# woolacombe bay this weekend parking?!



## ezzy66 (Mar 31, 2009)

hi one and all

has anyone been to woolacombe recently? is there any parking for 8m motorhome? i know you can park on the lhs of the road at the bottom running parallel to the beach/sea - but thats if you cna get a space and for 8m!!

also the carpark there at the bottom of the hill behind the beach is that height restricted i cant remember and are there large spaces for large motorhomes?

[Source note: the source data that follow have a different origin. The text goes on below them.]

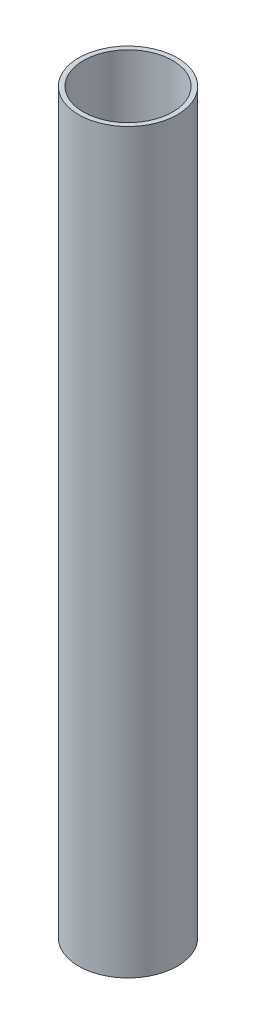
SolidWorks part; units mm, degrees
ref_plane "Front Plane" through (0, 0, 0) normal (0, 0, 1) x (1, 0, 0)
ref_plane "Top Plane" through (0, 0, 0) normal (0, 1, 0) x (1, 0, 0)
ref_plane "Right Plane" through (0, 0, 0) normal (1, 0, 0) x (0, 0, -1)
sketch "Sketch1" plane through (0, 0, 0) normal (0, 1, 0) x (1, 0, 0)
  circle A0 centre (0, 0) radius 21
sketch "Sketch2" plane through (0, 0, 0) normal (0, 1, 0) x (1, 0, 0)
  circle A0 centre (0, 0) radius 19
extrude "Extrude-Thin2" add sketch "Sketch2" along normal blind 314 thin
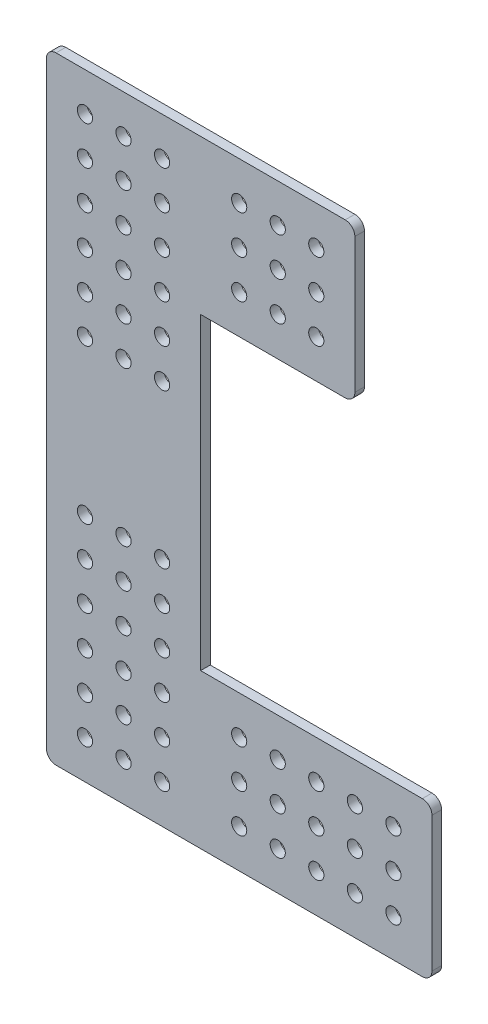
SolidWorks part; units mm, degrees
ref_plane "Front Plane" through (0, 0, 0) normal (0, 0, 1) x (1, 0, 0)
ref_plane "Top Plane" through (0, 0, 0) normal (0, 1, 0) x (1, 0, 0)
ref_plane "Right Plane" through (0, 0, 0) normal (1, 0, 0) x (0, 0, -1)
sketch "Sketch1" plane through (0, 0, 0) normal (0, 0, 1) x (1, 0, 0)
  line L0 (23.16, 167.0479) -> (26.335, 167.0479)
  line L1 (-24.465, 14.6479) -> (99.36, 14.6479)
  line L2 (-24.465, 14.6479) -> (-24.465, -32.9771)
  line L3 (-21.29, -36.1521) -> (99.36, -36.1521)
  line L4 (102.535, 11.4729) -> (102.535, -32.9771)
  line L5 (-21.29, 167.0479) -> (23.16, 167.0479)
  line L6 (-24.465, 163.8729) -> (-24.465, 14.6479)
  line L7 (-24.465, 14.6479) -> (26.335, 14.6479)
  line L8 (26.335, 163.8729) -> (26.335, 14.6479)
  line L9 (26.335, 167.0479) -> (26.335, 163.8729)
  arc A0 (-24.465, -32.9771) -> (-21.29, -36.1521) centre (-21.29, -32.9771) ccw
  arc A1 (99.36, -36.1521) -> (102.535, -32.9771) centre (99.36, -32.9771) ccw
  arc A2 (99.36, 14.6479) -> (102.535, 11.4729) centre (99.36, 11.4729) cw
  arc A4 (-21.29, 167.0479) -> (-24.465, 163.8729) centre (-21.29, 163.8729) ccw
  point P10 (-24.465, -36.1521)
  point P13 (102.535, -36.1521)
  point P16 (102.535, 14.6479)
  point P19 (26.335, 167.0479)
  point P22 (-24.465, 167.0479)
  dimension "D5" = 3.175
  dimension "D1" = 50.8
  dimension "D2" = 50.8
  dimension "D3" = 127
  dimension "D4" = 152.4
extrude "Boss-Extrude1" add sketch "Sketch1" along normal blind 3.175 contours L8 L5 L6 L1 | L4 L1 L2 L3
sketch "Sketch2" plane through (0, 0, 3.175) normal (0, 0, 1) x (1, 0, 0)
  line L0 (-24.465, 163.8729) -> (-24.465, -32.9771) construction
  line L1 (-21.29, 167.0479) -> (26.335, 167.0479) construction
  line L2 (102.535, 11.4729) -> (102.535, -32.9771) construction
  line L3 (-21.29, -36.1521) -> (99.36, -36.1521) construction
  circle A0 centre (-11.765, 154.3479) radius 2.5
  circle A1 centre (89.835, -23.4521) radius 2.5
  circle A2 centre (0.935, 154.3479) radius 2.5
  circle A3 centre (13.635, 154.3479) radius 2.5
  circle A4 centre (0.935, 141.6479) radius 2.5
  circle A5 centre (13.635, 141.6479) radius 2.5
  circle A6 centre (0.935, 128.9479) radius 2.5
  circle A7 centre (13.635, 128.9479) radius 2.5
  circle A8 centre (0.935, 116.2479) radius 2.5
  circle A9 centre (13.635, 116.2479) radius 2.5
  circle A10 centre (0.935, 103.5479) radius 2.5
  circle A11 centre (13.635, 103.5479) radius 2.5
  circle A12 centre (0.935, 90.8479) radius 2.5
  circle A13 centre (13.635, 90.8479) radius 2.5
  circle A20 centre (-11.765, 141.6479) radius 2.5
  circle A21 centre (-11.765, 128.9479) radius 2.5
  circle A22 centre (-11.765, 116.2479) radius 2.5
  circle A23 centre (-11.765, 103.5479) radius 2.5
  circle A24 centre (-11.765, 90.8479) radius 2.5
  circle A28 centre (77.135, -23.4521) radius 2.5
  circle A29 centre (64.435, -23.4521) radius 2.5
  circle A30 centre (51.735, -23.4521) radius 2.5
  circle A31 centre (39.035, -23.4521) radius 2.5
  circle A33 centre (77.135, -10.7521) radius 2.5
  circle A34 centre (64.435, -10.7521) radius 2.5
  circle A35 centre (51.735, -10.7521) radius 2.5
  circle A36 centre (39.035, -10.7521) radius 2.5
  circle A38 centre (77.135, 1.9479) radius 2.5
  circle A39 centre (64.435, 1.9479) radius 2.5
  circle A40 centre (51.735, 1.9479) radius 2.5
  circle A41 centre (39.035, 1.9479) radius 2.5
  circle A43 centre (89.835, -10.7521) radius 2.5
  circle A44 centre (89.835, 1.9479) radius 2.5
  circle A45 centre (-11.765, 40.0479) radius 2.5
  circle A46 centre (0.935, 40.0479) radius 2.5
  circle A47 centre (13.635, 40.0479) radius 2.5
  circle A48 centre (-11.765, 27.3479) radius 2.5
  circle A49 centre (0.935, 27.3479) radius 2.5
  circle A50 centre (13.635, 27.3479) radius 2.5
  circle A51 centre (-11.765, 14.6479) radius 2.5
  circle A52 centre (0.935, 14.6479) radius 2.5
  circle A53 centre (13.635, 14.6479) radius 2.5
  circle A54 centre (-11.765, 1.9479) radius 2.5
  circle A55 centre (0.935, 1.9479) radius 2.5
  circle A56 centre (13.635, 1.9479) radius 2.5
  circle A57 centre (-11.765, -10.7521) radius 2.5
  circle A58 centre (0.935, -10.7521) radius 2.5
  circle A59 centre (13.635, -10.7521) radius 2.5
  circle A60 centre (-11.765, -23.4521) radius 2.5
  circle A61 centre (0.935, -23.4521) radius 2.5
  circle A62 centre (13.635, -23.4521) radius 2.5
  circle A63 centre (26.335, -23.4521) radius 2.5 [skipped]
  circle A64 centre (26.335, -10.7521) radius 2.5 [skipped]
  circle A65 centre (26.335, 1.9479) radius 2.5 [skipped]
  circle A66 centre (0.935, 78.1479) radius 2.5 [skipped]
  circle A67 centre (13.635, 78.1479) radius 2.5 [skipped]
  circle A68 centre (0.935, 65.4479) radius 2.5 [skipped]
  circle A69 centre (13.635, 65.4479) radius 2.5 [skipped]
  circle A70 centre (0.935, 52.7479) radius 2.5 [skipped]
  circle A71 centre (13.635, 52.7479) radius 2.5 [skipped]
  circle A72 centre (-11.765, 78.1479) radius 2.5 [skipped]
  circle A73 centre (-11.765, 65.4479) radius 2.5 [skipped]
  circle A74 centre (-11.765, 52.7479) radius 2.5 [skipped]
  dimension "D1" = 5
  dimension "D4" = 5
  dimension "D2" = 12.7
  dimension "D3" = 12.7
  dimension "D5" = 12.7
  dimension "D6" = 12.7
  dimension "D7" = 3
  dimension "D9" = 15
  dimension "D8" = 6
extrude "Cut-Extrude1" cut sketch "Sketch2" against normal through all
sketch "Sketch3" plane through (0, 0, 3.175) normal (0, 0, 1) x (1, 0, 0)
  line L0 (26.335, 167.0479) -> (26.335, 14.6479) construction
  line L1 (73.96, 167.0479) -> (26.335, 167.0479)
  line L2 (77.135, 163.8729) -> (77.135, 119.4229)
  line L3 (73.96, 116.2479) -> (26.335, 116.2479)
  line L4 (26.335, 167.0479) -> (26.335, 116.2479)
  line L5 (-21.29, 167.0479) -> (26.335, 167.0479) construction
  arc A0 (77.135, 119.4229) -> (73.96, 116.2479) centre (73.96, 119.4229) cw
  arc A1 (73.96, 167.0479) -> (77.135, 163.8729) centre (73.96, 163.8729) cw
  point P10 (77.135, 116.2479)
  point P13 (77.135, 167.0479)
  dimension "D3" = 3.175
  dimension "D1" = 50.8
  dimension "D2" = 50.8
extrude "Boss-Extrude2" add sketch "Sketch3" against normal up to surface (3.175 mm away) up to face at (66.935, -10.7521, 0)
sketch "Sketch4" plane through (0, 0, 3.175) normal (0, 0, 1) x (1, 0, 0)
  line L0 (77.135, 119.4229) -> (77.135, 163.8729) construction
  line L1 (-21.29, 167.0479) -> (73.96, 167.0479) construction
  circle A0 centre (64.435, 154.3479) radius 2.505
  circle A1 centre (51.735, 154.3479) radius 2.505
  circle A2 centre (39.035, 154.3479) radius 2.505
  circle A4 centre (51.735, 141.6479) radius 2.505
  circle A5 centre (39.035, 141.6479) radius 2.505
  circle A7 centre (51.735, 128.9479) radius 2.505
  circle A8 centre (39.035, 128.9479) radius 2.505
  circle A10 centre (64.435, 141.6479) radius 2.505
  circle A11 centre (64.435, 128.9479) radius 2.505
  circle A12 centre (26.335, 154.3479) radius 2.505 [skipped]
  circle A13 centre (26.335, 141.6479) radius 2.505 [skipped]
  circle A14 centre (26.335, 128.9479) radius 2.505 [skipped]
  dimension "D1" = 5.01
  dimension "D2" = 12.7
  dimension "D3" = 12.7
  dimension "D4" = 4
extrude "Cut-Extrude2" cut sketch "Sketch4" against normal through all

other than that anyone know anywhere else to park or wildcamp or any good CHEAP little sites...

any info always helpful

ta as usual


----------



## Sprinta (Sep 15, 2010)

get someone with a camcorder to film you negotiating your way there, it'll be worth £250 on you've been framed :lol: 

It's a proper pain for me at 6.2m and so never again from the Saunton direction.


----------



## wirerick (Dec 16, 2009)

Hi ezzy66,

I'm a Warden on Newberry Valley Park in Combe Martin and we have a offer on 5 nights large pitch, electric and a free awning for £75.
It's lovely here have a look on the website probably one off the nicest sites around.

Rick, Karen and Oscar (the cat).


----------



## esperelda (Sep 17, 2010)

I'm looking for the same thing - an overnight parking/camping place in Woolacombe, for the weekend of October 15th, we've got a bit of a 'do' to go to and even though we only live about 15 miles away we would like to stay the night in the 'van because then we can both have a glass of wine (or two!).


----------